Add the project (or copy the desired file) into your solution and reference it from your application. Example using the metered cache with DI:

builder.Services.AddMemoryCache();
builder.Services.AddNamedMeteredMemoryCache("user-cache");

Recommended Alternatives for Single-Flight (Cache Stampede Protection)
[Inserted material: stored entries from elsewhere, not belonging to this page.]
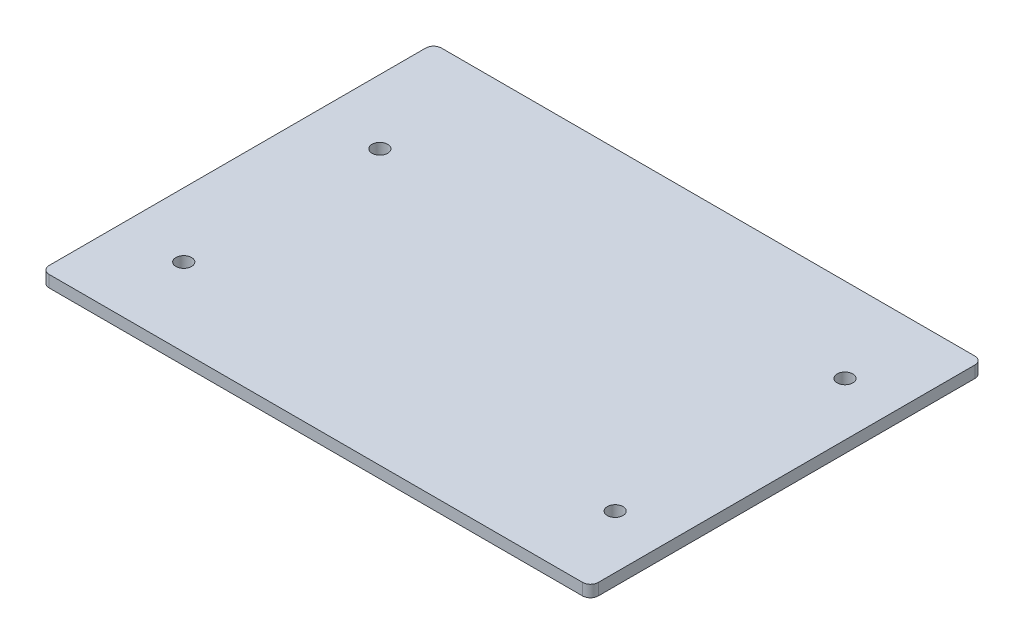
from build123d import *

# Parameters (mm, degrees)
SKETCH_1_R      = 2
EXTRUDE_1_DEPTH = 3
FILLET_1_R      = 2


with BuildPart() as part:
    # 草图1 → 凸台-拉伸1 (new body)
    with BuildSketch(Plane(origin=(0, 0, 0), x_dir=(1, 0, 0), z_dir=(0, 1, 0))):
        Polygon((0, 0), (0, -50), (140, -50), (140, 50), (0, 50), align=None)
        with Locations(Location((16.4, -30.1, 0), (0, 0, 270))):
            Circle(SKETCH_1_R, mode=Mode.SUBTRACT)
        with Locations(Location((16.4, 19.9, 0), (0, 0, 270))):
            Circle(SKETCH_1_R, mode=Mode.SUBTRACT)
        with Locations(Location((126.4, 28.5, 0), (0, 0, 270))):
            Circle(SKETCH_1_R, mode=Mode.SUBTRACT)
        with Locations(Location((126.4, -30.1, 0), (0, 0, 270))):
            Circle(SKETCH_1_R, mode=Mode.SUBTRACT)
    extrude(amount=EXTRUDE_1_DEPTH)

    # 圆角1
    fillet_1_edges = [part.edges().sort_by_distance(p)[0] for p in [
        (0, 1.5, 50),
        (0, 1.5, -50),
        (140, 1.5, -50),
        (140, 1.5, 50),
    ]]
    fillet(fillet_1_edges, radius=FILLET_1_R)


solid = part.part

For single-flight scenarios, we recommend using these mature, production-ready solutions instead of implementing your own:

Microsoft HybridCache (.NET 9+)

• First-party solution from Microsoft with built-in cache stampede protection
• L1 + L2 cache support (in-memory + distributed)
• Cache invalidation with tags for bulk operations
• Simple API - reduces complex cache-aside patterns to a single line
• Performance optimizations including support for IBufferDistributedCache
• Secure by default with authentication and data handling

// Simple usage with HybridCache
public class SomeService(HybridCache cache)
{
    public async Task<SomeInformation> GetSomeInformationAsync(string name, int id, CancellationToken token = default)
    {
        return await cache.GetOrCreateAsync(
            $"someinfo:{name}:{id}",
            async cancel => await SomeExpensiveOperationAsync(name, id, cancel),
            token: token
        );
    }
}

FusionCache (All .NET Versions)

• Mature OSS library with comprehensive single-flight support
• Request coalescing - only one factory runs per key concurrently
• Rich feature set: soft/hard timeouts, fail-safe, eager refresh, backplane
• Excellent documentation and active maintenance
• Supports older .NET versions down to .NET Framework 4.7.2

// Simple usage with FusionCache
public class SomeService(FusionCache cache)
{
    public async Task<SomeInformation> GetSomeInformationAsync(string name, int id, CancellationToken token = default)
    {
        return await cache.GetOrSetAsync(
            $"someinfo:{name}:{id}",
            async cancel => await SomeExpensiveOperationAsync(name, id, cancel),
            TimeSpan.FromMinutes(5),
            token
        );
    }
}

When to Choose Which

• Greenfield or .NET 9+: Use HybridCache - first-party, GA, built-in stampede protection
• Need richer features or .NET < 9: Use FusionCache - comprehensive feature set, excellent documentation

Recording metrics with MeteredMemoryCache:

var meter = new Meter("app.cache");
var metered = new MeteredMemoryCache(new MemoryCache(new MemoryCacheOptions()), meter);

metered.Set("answer", 42);
if (metered.TryGet<int>("answer", out var v)) { /* use v */ }

For high-performance scenarios, use OptimizedMeteredMemoryCache with atomic operations:

var meter = new Meter("app.cache");
var optimized = new OptimizedMeteredMemoryCache(
    new MemoryCache(new MemoryCacheOptions()),
    meter,
    cacheName: "user-cache");

// Get real-time statistics
var stats = optimized.GetCurrentStatistics();
Console.WriteLine($"Hit ratio: {stats.HitRatio:F2}%");

// Periodic metric publishing (call from background service)
optimized.PublishMetrics();

Counters exposed:

• cache_hits_total
• cache_misses_total
• cache_evictions_total (tag: reason = Expired|TokenExpired|Capacity|Removed|Replaced|...)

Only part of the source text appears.